#### Data shown
Content starts

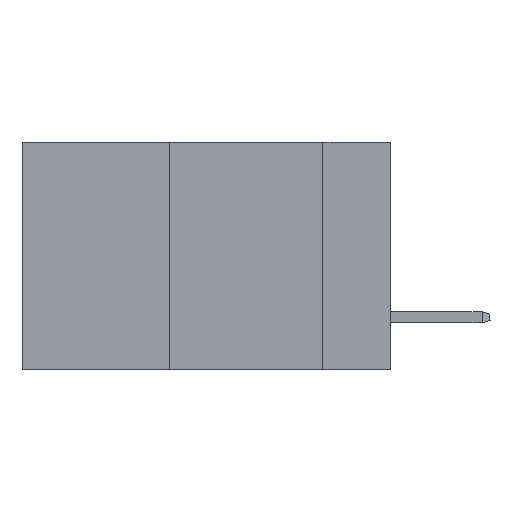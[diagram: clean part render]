
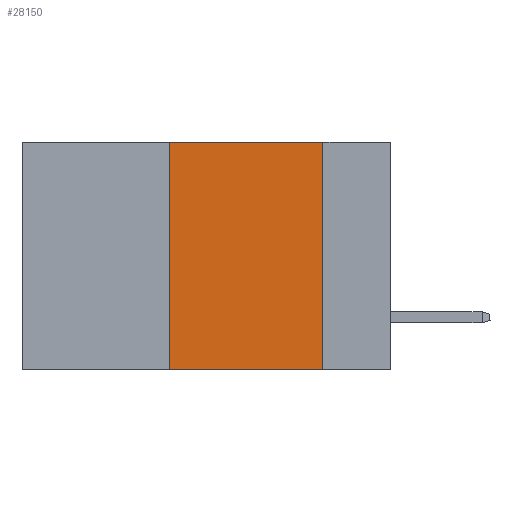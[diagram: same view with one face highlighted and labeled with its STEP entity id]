
A CAD part, left-side view. The second image highlights one B-rep face of the part: STEP entity #28150.
In plain terms, the highlighted planar face has unit normal (-1, 0, 0).
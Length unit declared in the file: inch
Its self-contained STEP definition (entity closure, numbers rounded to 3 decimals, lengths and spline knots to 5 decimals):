
#282 = VERTEX_POINT ( 'NONE', #6745 ) ;
#2718 = EDGE_LOOP ( 'NONE', ( #31451, #15480, #17404, #6260 ) ) ;
#2975 = CARTESIAN_POINT ( 'NONE',  ( 0., 0.6, 0. ) ) ;
#4242 = VECTOR ( 'NONE', #29231, 39.37008 ) ;
#4947 = CARTESIAN_POINT ( 'NONE',  ( 0., 0.36, 0. ) ) ;
#5310 = VERTEX_POINT ( 'NONE', #10074 ) ;
#5791 = LINE ( 'NONE', #4947, #4242 ) ;
#6260 = ORIENTED_EDGE ( 'NONE', *, *, #17355, .T. ) ;
#6745 = CARTESIAN_POINT ( 'NONE',  ( 0., 0.11, 0. ) ) ;
#7432 = DIRECTION ( 'NONE',  ( 1., 0., 0. ) ) ;
#8063 = LINE ( 'NONE', #25491, #26903 ) ;
#8381 = LINE ( 'NONE', #24209, #18038 ) ;
#9776 = VERTEX_POINT ( 'NONE', #27586 ) ;
#10074 = CARTESIAN_POINT ( 'NONE',  ( 0., 0.36, 0. ) ) ;
#11707 = VERTEX_POINT ( 'NONE', #15610 ) ;
#15294 = EDGE_CURVE ( 'NONE', #5310, #282, #25932, .T. ) ;
#15480 = ORIENTED_EDGE ( 'NONE', *, *, #15294, .F. ) ;
#15610 = CARTESIAN_POINT ( 'NONE',  ( 0., 0.11, -0.37 ) ) ;
#17355 = EDGE_CURVE ( 'NONE', #9776, #11707, #8381, .T. ) ;
#17404 = ORIENTED_EDGE ( 'NONE', *, *, #22319, .F. ) ;
#17680 = PLANE ( 'NONE',  #27539 ) ;
#17952 = CARTESIAN_POINT ( 'NONE',  ( 0., 0.6, 0. ) ) ;
#18038 = VECTOR ( 'NONE', #31682, 39.37008 ) ;
#18736 = FACE_OUTER_BOUND ( 'NONE', #2718, .T. ) ;
#22319 = EDGE_CURVE ( 'NONE', #9776, #5310, #5791, .T. ) ;
#24209 = CARTESIAN_POINT ( 'NONE',  ( 0., 0.6, -0.37 ) ) ;
#25150 = VECTOR ( 'NONE', #30098, 39.37008 ) ;
#25491 = CARTESIAN_POINT ( 'NONE',  ( 0., 0.11, 0. ) ) ;
#25932 = LINE ( 'NONE', #17952, #25150 ) ;
#26576 = EDGE_CURVE ( 'NONE', #282, #11707, #8063, .T. ) ;
#26903 = VECTOR ( 'NONE', #27997, 39.37008 ) ;
#27539 = AXIS2_PLACEMENT_3D ( 'NONE', #2975, #7432, #29698 ) ;
#27586 = CARTESIAN_POINT ( 'NONE',  ( 0., 0.36, -0.37 ) ) ;
#27997 = DIRECTION ( 'NONE',  ( 0., 0., -1. ) ) ;
#28150 = ADVANCED_FACE ( 'NONE', ( #18736 ), #17680, .F. ) ;
#29231 = DIRECTION ( 'NONE',  ( 0., 0., 1. ) ) ;
#29698 = DIRECTION ( 'NONE',  ( 0., 0., -1. ) ) ;
#30098 = DIRECTION ( 'NONE',  ( 0., -1., 0. ) ) ;
#31451 = ORIENTED_EDGE ( 'NONE', *, *, #26576, .F. ) ;
#31682 = DIRECTION ( 'NONE',  ( 0., -1., 0. ) ) ;

Content ends

#### How to complete this task
Your answer must be the full set of entries, set down exactly and without pictures.

#### Response to this exercise
[diagram: clean part render]
[diagram: same view with one face highlighted and labeled with its STEP entity id]
A CAD part, left-side view. The second image highlights one B-rep face of the part: STEP entity #28150.
In plain terms, the highlighted planar face has unit normal (-1, 0, 0).
Length unit declared in the file: inch
Its self-contained STEP definition (entity closure, numbers rounded to 3 decimals, lengths and spline knots to 5 decimals):
#282 = VERTEX_POINT ( 'NONE', #6745 ) ;
#2718 = EDGE_LOOP ( 'NONE', ( #31451, #15480, #17404, #6260 ) ) ;
#2975 = CARTESIAN_POINT ( 'NONE',  ( 0., 0.6, 0. ) ) ;
#4242 = VECTOR ( 'NONE', #29231, 39.37008 ) ;
#4947 = CARTESIAN_POINT ( 'NONE',  ( 0., 0.36, 0. ) ) ;
#5310 = VERTEX_POINT ( 'NONE', #10074 ) ;
#5791 = LINE ( 'NONE', #4947, #4242 ) ;
#6260 = ORIENTED_EDGE ( 'NONE', *, *, #17355, .T. ) ;
#6745 = CARTESIAN_POINT ( 'NONE',  ( 0., 0.11, 0. ) ) ;
#7432 = DIRECTION ( 'NONE',  ( 1., 0., 0. ) ) ;
#8063 = LINE ( 'NONE', #25491, #26903 ) ;
#8381 = LINE ( 'NONE', #24209, #18038 ) ;
#9776 = VERTEX_POINT ( 'NONE', #27586 ) ;
#10074 = CARTESIAN_POINT ( 'NONE',  ( 0., 0.36, 0. ) ) ;
#11707 = VERTEX_POINT ( 'NONE', #15610 ) ;
#15294 = EDGE_CURVE ( 'NONE', #5310, #282, #25932, .T. ) ;
#15480 = ORIENTED_EDGE ( 'NONE', *, *, #15294, .F. ) ;
#15610 = CARTESIAN_POINT ( 'NONE',  ( 0., 0.11, -0.37 ) ) ;
#17355 = EDGE_CURVE ( 'NONE', #9776, #11707, #8381, .T. ) ;
#17404 = ORIENTED_EDGE ( 'NONE', *, *, #22319, .F. ) ;
#17680 = PLANE ( 'NONE',  #27539 ) ;
#17952 = CARTESIAN_POINT ( 'NONE',  ( 0., 0.6, 0. ) ) ;
#18038 = VECTOR ( 'NONE', #31682, 39.37008 ) ;
#18736 = FACE_OUTER_BOUND ( 'NONE', #2718, .T. ) ;
#22319 = EDGE_CURVE ( 'NONE', #9776, #5310, #5791, .T. ) ;
#24209 = CARTESIAN_POINT ( 'NONE',  ( 0., 0.6, -0.37 ) ) ;
#25150 = VECTOR ( 'NONE', #30098, 39.37008 ) ;
#25491 = CARTESIAN_POINT ( 'NONE',  ( 0., 0.11, 0. ) ) ;
#25932 = LINE ( 'NONE', #17952, #25150 ) ;
#26576 = EDGE_CURVE ( 'NONE', #282, #11707, #8063, .T. ) ;
#26903 = VECTOR ( 'NONE', #27997, 39.37008 ) ;
#27539 = AXIS2_PLACEMENT_3D ( 'NONE', #2975, #7432, #29698 ) ;
#27586 = CARTESIAN_POINT ( 'NONE',  ( 0., 0.36, -0.37 ) ) ;
#27997 = DIRECTION ( 'NONE',  ( 0., 0., -1. ) ) ;
#28150 = ADVANCED_FACE ( 'NONE', ( #18736 ), #17680, .F. ) ;
#29231 = DIRECTION ( 'NONE',  ( 0., 0., 1. ) ) ;
#29698 = DIRECTION ( 'NONE',  ( 0., 0., -1. ) ) ;
#30098 = DIRECTION ( 'NONE',  ( 0., -1., 0. ) ) ;
#31451 = ORIENTED_EDGE ( 'NONE', *, *, #26576, .F. ) ;
#31682 = DIRECTION ( 'NONE',  ( 0., -1., 0. ) ) ;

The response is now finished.